Underwater Camouflaged Object Detection (UCOD) is a challenging task due to the extreme visual similarity between targets and backgrounds across varying marine depths. Existing methods often struggle with topological fragmentation of slender creatures in the deep sea and the subtle feature extraction of transparent organisms. In this paper, we propose DeepTopo-Net, a novel framework that integrates topology-aware modeling with frequency-decoupled perception. To address physical degradation, we design the Water-Conditioned Adaptive Perceptor (WCAP), which employs Riemannian metric tensors to dynamically deform convolutional sampling fields. Furthermore, the Abyssal-Topology Refinement Module (ATRM) is developed to maintain the structural connectivity of spindly targets through skeletal priors. Specifically, we first introduce GBU-UCOD, the first high-resolution (2K) benchmark tailored for marine vertical zonation, filling the data gap for hadal and abyssal zones. Extensive experiments on MAS3K, RMAS, and our proposed GBU-UCOD datasets demonstrate that DeepTopo-Net achieves state-of-the-art performance, particularly in preserving the morphological integrity of complex underwater patterns. The datasets and codes will be released at https://github.com/Wuwenji18/GBU-UCOD.
Paper Structure (16 sections, 9 equations, 4 figures, 3 tables, 1 algorithm)

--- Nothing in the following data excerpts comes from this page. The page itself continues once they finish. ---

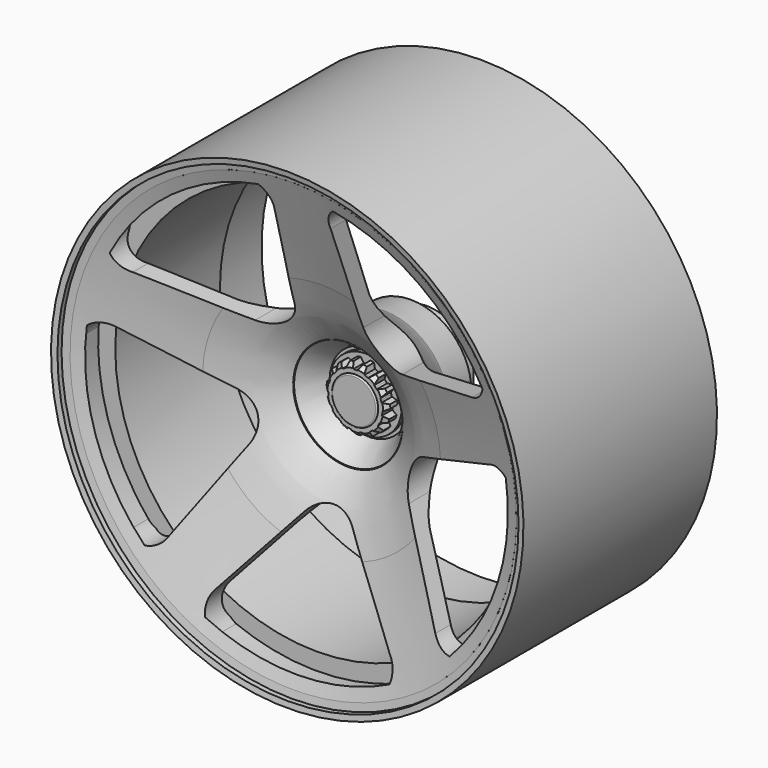
from build123d import *

# Parameters (mm, degrees)
F3_DEPTH  = 79.9052135477
F5_R      = 16.2841993911
F6_DEPTH  = 25
F7_R      = 12.5
F8_DEPTH  = 1.5
F10_DEPTH = 6
F13_R     = 7.9523329074
F14_DEPTH = 0.5
F15_R     = 0.49999
F16_R     = 79.6764965697
F16_R_2   = 69.9009802276
F17_DEPTH = 22.7
F18_R     = 19
F19_DEPTH = 22.5


# Not quite as in the source:
# - a fillet or chamfer is up to 0.001 mm smaller than in the source, because OpenCascade refuses the exact size


with BuildPart() as f1:
    # F0 (on Right) → F1 (revolve)
    with BuildSketch(Plane.YZ):
        with BuildLine():
            Line((-1.373420301, 77.4389281869), (-1.3914429583, 77.4389281869))
            Line((-1.3914429583, 77.4389281869), (10.8794942498, 41.2581264973))
            add(Edge.make_bspline(
                [(10.8794942498, 41.2581264973), (18.0547758937, 20.7232777029), (23.3377031982, 16.0578545183), (31.9949798286, 13.4048163891)],
                knots=[0, 0, 0, 0, 34.9524049989, 34.9524049989, 34.9524049989, 34.9524049989], degree=3))
            Line((31.9949798286, 13.4048163891), (31.9949798286, 0))
            Line((31.9949798286, 0), (49.5772249997, 0))
            Line((49.5772249997, 0), (49.5772249997, 20.9933258593))
            Line((49.5772249997, 20.9933258593), (38.1912440062, 22.2220420837))
            add(Edge.make_bspline(
                [(38.1912440062, 22.2220420837), (33.309340477, 23.849343881), (19.0382879227, 34.485783428), (16.9671755284, 42.0305468142)],
                knots=[0, 0, 0, 0, 29.0316713677, 29.0316713677, 29.0316713677, 29.0316713677], degree=3))
            Line((16.9671755284, 42.0305468142), (8.8946735486, 66.8536573648))
            add(Edge.make_bspline(
                [(8.8946735486, 66.8536573648), (5.8300439268, 75.6170749664), (9.7822928801, 76.194010675), (12.1492771432, 76.0460719466)],
                knots=[0, 0, 0, 0, 9.7515604085, 9.7515604085, 9.7515604085, 9.7515604085], degree=3))
            Line((12.1492771432, 76.0460719466), (79.9042135477, 76.0460719466))
            Line((79.9042135477, 76.0460719466), (79.9042135477, 81.9431841373))
            Line((79.9042135477, 81.9431841373), (-4.0100626432, 81.9431841373))
            Line((-4.0100626432, 81.9431841373), (-3.6750880512, 79.9715518951))
            Line((-3.6750880512, 79.9715518951), (-1.8980908117, 79.9715518951))
            Line((-1.8980908117, 79.9715518951), (-1.373420301, 77.4389281869))
        make_face()
    revolve(axis=Axis((0, 6.5627768636, 0), (0, 1, 0)))

    # F2 (on Front) → F3 (cut, through all)
    with BuildSketch(Plane.XZ):
        with BuildLine():
            Line((-11.9682861573, 30.7326176724), (-9.751479551, 64.9884316832))
            ThreePointArc((-9.751479551, 64.9884316832), (-12.288415463, 71.3748405533), (-18.8385986029, 73.4526670407))
            ThreePointArc((-18.8385986029, 73.4526670407), (-44.5717486769, 61.3477490426), (-64.0361905098, 40.6146943569))
            ThreePointArc((-64.0361905098, 40.6146943569), (-64.4939701233, 33.5522102634), (-58.7942985346, 29.3567379984))
            Line((-58.7942985346, 29.3567379984), (-25.530052484, 20.8794176812))
            ThreePointArc((-25.530052484, 20.8794176812), (-16.436274739, 22.6225913906), (-11.9682861573, 30.7326176724))
        make_face()
        with BuildLine():
            Line((25.530052484, 20.8794176812), (58.7942985346, 29.3567379984))
            ThreePointArc((58.7942985346, 29.3567379984), (64.0841779958, 33.7430163028), (64.0361905098, 40.6146943569))
            ThreePointArc((64.0361905098, 40.6146943569), (44.5717486769, 61.3477490426), (18.8385986029, 73.4526670407))
            ThreePointArc((18.8385986029, 73.4526670407), (11.9803154043, 71.7056137177), (9.751479551, 64.9884316832))
            Line((9.751479551, 64.9884316832), (11.9682861573, 30.7326176724))
            ThreePointArc((11.9682861573, 30.7326176724), (16.436274739, 22.6225913906), (25.530052484, 20.8794176812))
        make_face()
        with BuildLine():
            Line((27.746726327, -17.8284278801), (46.0883543901, -46.8449698014))
            ThreePointArc((46.0883543901, -46.8449698014), (51.8946156055, -50.5205095952), (58.415140848, -48.3514054854))
            ThreePointArc((58.415140848, -48.3514054854), (72.1186042972, -23.432755001), (75.6790847468, 4.7815504386))
            ThreePointArc((75.6790847468, 4.7815504386), (71.8982122391, 10.7642961983), (64.8210443377, 10.8083216574))
            Line((64.8210443377, 10.8083216574), (32.9268601163, -1.8856153964))
            ThreePointArc((32.9268601163, -1.8856153964), (26.5944511761, -8.6410609976), (27.746726327, -17.8284278801))
        make_face()
        with BuildLine():
            Line((-8.3816325373, -31.8979920771), (-30.310129036, -58.3085215376))
            ThreePointArc((-30.310129036, -58.3085215376), (-32.0115417185, -64.9664083617), (-27.9336480081, -70.4975063507))
            ThreePointArc((-27.9336480081, -70.4975063507), (0, -75.8299880833), (27.9336480081, -70.4975063507))
            ThreePointArc((27.9336480081, -70.4975063507), (32.4552234898, -65.0529128022), (30.310129036, -58.3085215376))
            Line((30.310129036, -58.3085215376), (8.3816325373, -31.8979920771))
            ThreePointArc((8.3816325373, -31.8979920771), (0, -27.963060786), (-8.3816325373, -31.8979920771))
        make_face()
        with BuildLine():
            Line((-32.9268601163, -1.8856153964), (-64.8210443377, 10.8083216574))
            ThreePointArc((-64.8210443377, 10.8083216574), (-71.6788364198, 10.3690611007), (-75.6790847468, 4.7815504386))
            ThreePointArc((-75.6790847468, 4.7815504386), (-72.1186042972, -23.432755001), (-58.415140848, -48.3514054854))
            ThreePointArc((-58.415140848, -48.3514054854), (-51.8397810099, -50.9692073773), (-46.0883543901, -46.8449698014))
            Line((-46.0883543901, -46.8449698014), (-27.746726327, -17.8284278801))
            ThreePointArc((-27.746726327, -17.8284278801), (-26.5944511761, -8.6410609976), (-32.9268601163, -1.8856153964))
        make_face()
    extrude(amount=-F3_DEPTH, mode=Mode.SUBTRACT)

    # F18 (on Front) → F19 (cut)
    with BuildSketch(Plane.XZ):
        Circle(F18_R)
    extrude(amount=-F19_DEPTH, mode=Mode.SUBTRACT)


with BuildPart() as f6:
    # F5 (on offset) → F6 (new body)
    with BuildSketch(Plane.XZ.offset(-31.5)):
        Circle(F5_R)
    extrude(amount=-F6_DEPTH)


with BuildPart() as f8:
    # F7 (on offset) → F8 (new body)
    with BuildSketch(Plane.XZ.offset(-31.5)):
        Circle(F7_R)
    extrude(amount=F8_DEPTH)


with BuildPart() as f10:
    # F9 (on offset) → F10 (new body)
    with BuildSketch(Plane.XZ.offset(-31.5)):
        with BuildLine():
            ThreePointArc((-1.9532975735, -9.1895425773), (-1.634477598, -9.2515699842), (-1.313704066, -9.3025397509))
            Line((-1.313704066, -9.3025397509), (-0.6322512054, -11.0529381782))
            ThreePointArc((-0.6322512054, -11.0529381782), (0, -11.0710064564), (0.6322512054, -11.0529381782))
            Line((0.6322512054, -11.0529381782), (1.313704066, -9.3025397509))
            ThreePointArc((1.313704066, -9.3025397509), (1.634477598, -9.2515699842), (1.9532975735, -9.1895425773))
            ThreePointArc((1.9532975735, -9.1895425773), (2.2697829332, -9.1165316665), (2.5835554082, -9.0326245158))
            Line((2.5835554082, -9.0326245158), (3.9180447539, -10.3545211991))
            ThreePointArc((3.9180447539, -10.3545211991), (4.5029840015, -10.1138676598), (5.0732251875, -9.8402017334))
            Line((5.0732251875, -9.8402017334), (4.9838121725, -7.9639613522))
            ThreePointArc((4.9838121725, -7.9639613522), (5.2561221039, -7.7869278037), (5.522149825, -7.6005871813))
            ThreePointArc((5.522149825, -7.6005871813), (5.781577375, -7.4051622026), (6.0340946815, -7.2008864431))
            Line((6.0340946815, -7.2008864431), (7.790875181, -7.8657134369))
            ThreePointArc((7.790875181, -7.8657134369), (8.2273611609, -7.4079492632), (8.6369924459, -6.9260050135))
            Line((8.6369924459, -6.9260050135), (7.7921738779, -5.2483416854))
            ThreePointArc((7.7921738779, -5.2483416854), (7.9689353475, -4.9758550639), (8.1361722046, -4.6974212125))
            ThreePointArc((8.1361722046, -4.6974212125), (8.2936845647, -4.4133729201), (8.4412841663, -4.1240496863))
            Line((8.4412841663, -4.1240496863), (10.3165925114, -4.0168523637))
            ThreePointArc((10.3165925114, -4.0168523637), (10.5291528323, -3.4211291399), (10.7073452457, -2.814239106))
            Line((10.7073452457, -2.814239106), (9.2531979302, -1.6252360615))
            ThreePointArc((9.2531979302, -1.6252360615), (9.3038472741, -1.3044117794), (9.3433764952, -0.9820284413))
            ThreePointArc((9.3433764952, -0.9820284413), (9.3717383474, -0.6584713655), (9.388898932, -0.334127273))
            Line((9.388898932, -0.334127273), (11.0584772733, 0.5265589752))
            ThreePointArc((11.0584772733, 0.5265589752), (11.0103583246, 1.1572352917), (10.9263007795, 1.7841343095))
            Line((10.9263007795, 1.7841343095), (9.1142599976, 2.2788876423))
            ThreePointArc((9.1142599976, 2.2788876423), (9.0300394842, 2.592576152), (8.9350261079, 2.9031659688))
            ThreePointArc((8.9350261079, 2.9031659688), (8.8293334302, 3.2102858703), (8.713087777, 3.5135687813))
            Line((8.713087777, 3.5135687813), (9.8882508515, 4.9789234837))
            ThreePointArc((9.8882508515, 4.9789234837), (9.5877728367, 5.5355032282), (9.2559996461, 6.0740146945))
            Line((9.2559996461, 6.0740146945), (7.399383711, 5.7889709697))
            ThreePointArc((7.399383711, 5.7889709697), (7.1948558322, 6.0412841139), (6.9817285343, 6.2863766085))
            ThreePointArc((6.9817285343, 6.2863766085), (6.760256551, 6.5239555145), (6.5307045894, 6.7537368735))
            Line((6.5307045894, 6.7537368735), (7.0082560255, 8.5703868897))
            ThreePointArc((7.0082560255, 8.5703868897), (6.5073743231, 8.9566323681), (5.9852520858, 9.3136427582))
            Line((5.9852520858, 9.3136427582), (4.4050867595, 8.2980886252))
            ThreePointArc((4.4050867595, 8.2980886252), (4.1156162435, 8.4453991692), (3.8212266702, 8.5826156226))
            ThreePointArc((3.8212266702, 8.5826156226), (3.5222698991, 8.709573982), (3.2191032487, 8.8261225045))
            Line((3.2191032487, 8.8261225045), (2.9164700647, 10.6799525429))
            ThreePointArc((2.9164700647, 10.6799525429), (2.3017916714, 10.829078403), (1.6796000655, 10.9428573772))
            Line((1.6796000655, 10.9428573772), (0.6491102883, 9.3723913717))
            ThreePointArc((0.6491102883, 9.3723913717), (0.3247492172, 9.3892279841), (0, 9.394842425))
            ThreePointArc((0, 9.394842425), (-0.3247492172, 9.3892279841), (-0.6491102883, 9.3723913717))
            Line((-0.6491102883, 9.3723913717), (-1.6796000655, 10.9428573772))
            ThreePointArc((-1.6796000655, 10.9428573772), (-2.3017916714, 10.829078403), (-2.9164700647, 10.6799525429))
            Line((-2.9164700647, 10.6799525429), (-3.2191032487, 8.8261225045))
            ThreePointArc((-3.2191032487, 8.8261225045), (-3.5222698991, 8.709573982), (-3.8212266702, 8.5826156226))
            ThreePointArc((-3.8212266702, 8.5826156226), (-4.1156162435, 8.4453991692), (-4.4050867595, 8.2980886252))
            Line((-4.4050867595, 8.2980886252), (-5.9852520858, 9.3136427582))
            ThreePointArc((-5.9852520858, 9.3136427582), (-6.5073743231, 8.9566323681), (-7.0082560255, 8.5703868897))
            Line((-7.0082560255, 8.5703868897), (-6.5307045894, 6.7537368735))
            ThreePointArc((-6.5307045894, 6.7537368735), (-6.760256551, 6.5239555145), (-6.9817285343, 6.2863766085))
            ThreePointArc((-6.9817285343, 6.2863766085), (-7.1948558322, 6.0412841139), (-7.399383711, 5.7889709697))
            Line((-7.399383711, 5.7889709697), (-9.2559996461, 6.0740146945))
            ThreePointArc((-9.2559996461, 6.0740146945), (-9.5877728367, 5.5355032282), (-9.8882508515, 4.9789234837))
            Line((-9.8882508515, 4.9789234837), (-8.713087777, 3.5135687813))
            ThreePointArc((-8.713087777, 3.5135687813), (-8.8293334302, 3.2102858703), (-8.9350261079, 2.9031659688))
            ThreePointArc((-8.9350261079, 2.9031659688), (-9.0300394842, 2.592576152), (-9.1142599976, 2.2788876423))
            Line((-9.1142599976, 2.2788876423), (-10.9263007795, 1.7841343095))
            ThreePointArc((-10.9263007795, 1.7841343095), (-11.0103583246, 1.1572352917), (-11.0584772733, 0.5265589752))
            Line((-11.0584772733, 0.5265589752), (-9.388898932, -0.334127273))
            ThreePointArc((-9.388898932, -0.334127273), (-9.3717383474, -0.6584713655), (-9.3433764952, -0.9820284413))
            ThreePointArc((-9.3433764952, -0.9820284413), (-9.3038472741, -1.3044117794), (-9.2531979302, -1.6252360615))
            Line((-9.2531979302, -1.6252360615), (-10.7073452457, -2.814239106))
            ThreePointArc((-10.7073452457, -2.814239106), (-10.5291528323, -3.4211291399), (-10.3165925114, -4.0168523637))
            Line((-10.3165925114, -4.0168523637), (-8.4412841663, -4.1240496863))
            ThreePointArc((-8.4412841663, -4.1240496863), (-8.2936845647, -4.4133729201), (-8.1361722046, -4.6974212125))
            ThreePointArc((-8.1361722046, -4.6974212125), (-7.9689353475, -4.9758550639), (-7.7921738779, -5.2483416854))
            Line((-7.7921738779, -5.2483416854), (-8.6369924459, -6.9260050135))
            ThreePointArc((-8.6369924459, -6.9260050135), (-8.2273611609, -7.4079492632), (-7.790875181, -7.8657134369))
            Line((-7.790875181, -7.8657134369), (-6.0340946815, -7.2008864431))
            ThreePointArc((-6.0340946815, -7.2008864431), (-5.781577375, -7.4051622026), (-5.522149825, -7.6005871813))
            ThreePointArc((-5.522149825, -7.6005871813), (-5.2561221039, -7.7869278037), (-4.9838121725, -7.9639613522))
            Line((-4.9838121725, -7.9639613522), (-5.0732251875, -9.8402017334))
            ThreePointArc((-5.0732251875, -9.8402017334), (-4.5029840015, -10.1138676598), (-3.9180447539, -10.3545211991))
            Line((-3.9180447539, -10.3545211991), (-2.5835554082, -9.0326245158))
            ThreePointArc((-2.5835554082, -9.0326245158), (-2.2697829332, -9.1165316665), (-1.9532975735, -9.1895425773))
        make_face()
    extrude(amount=F10_DEPTH)

    # F11 (on Right) → F12 (revolve, cut)
    with BuildSketch(Plane.YZ):
        Polygon((17.0979294926, 0.9799834806), (27.729421854, 11.9285192341), (28.4050200135, 17.950873822), (17.0979294926, 17.950873822), align=None)
    revolve(axis=Axis((0, 19.0811585635, 0), (0, 1, 0)), mode=Mode.SUBTRACT)


with BuildPart() as f14:
    # F13 (on face) → F14 (new body)
    with BuildSketch(Plane.XZ.offset(-25.5)):
        Circle(F13_R)
    extrude(amount=F14_DEPTH)

    # F15 (radius 0.5 in the source; OpenCascade refuses exactly that, so slightly less here)
    f15_edges = [f14.edges().sort_by_distance(p)[0] for p in [
        (-7.952333, 25, 0),
    ]]
    fillet(f15_edges, radius=F15_R)


with BuildPart() as f17:
    # F16 (on offset) → F17 (new body, symmetric)
    with BuildSketch(Plane.XZ.offset(-31.5)):
        Circle(F16_R)
        Circle(F16_R_2, mode=Mode.SUBTRACT)
    extrude(amount=F17_DEPTH, both=True)


solid = Compound([f1.part, f6.part, f8.part, f10.part, f14.part, f17.part])

This paper contains 16 sections, 9 equations, 4 figures, 3 tables, 1 algorithm.

Figures (4)

  • Figure 1: Motivation.(a) Challenge: Artificial spotlights obscure fine topology (e.g., tentacles) in dark zones. (b) Baseline Failure: Rigid sampling grids miss these faint features, causing fragmentation. (c) Our Success: Our DeepTopo-Net recovers the complete structure using WCAP (warped sampling) and ATRM (topology stitching).
  • Figure 2: Vertical zonation overview illustrating the challenges across different depth strata in the proposed GBU-UCOD benchmark.
  • Figure 3: The overall architecture of DeepTopo-Net. The framework utilizes a MAE-ViT backbone for semantic reconstruction. The WCAP module compensates for physical degradation using Riemannian metric warping, while the ATRM utilizes directional geometric mining and skeletal constraints to ensure topological connectivity of slender targets.
  • Figure 4: Qualitative comparison of segmentation results on challenging scenarios from the GBU-UCOD dataset. From left to right: Input Image, Ground Truth (GT), DeepTopo-Net (Ours), SAM2-Unet xiong2026sam2, MAS-SAM wang2024massam, H2Former he2023h2former, and MASNet 10113781. Our method consistently preserves the topological connectivity of slender appendages (top rows) and accurately segments transparent bodies (bottom rows) where other SOTA methods fail or produce fragmented masks.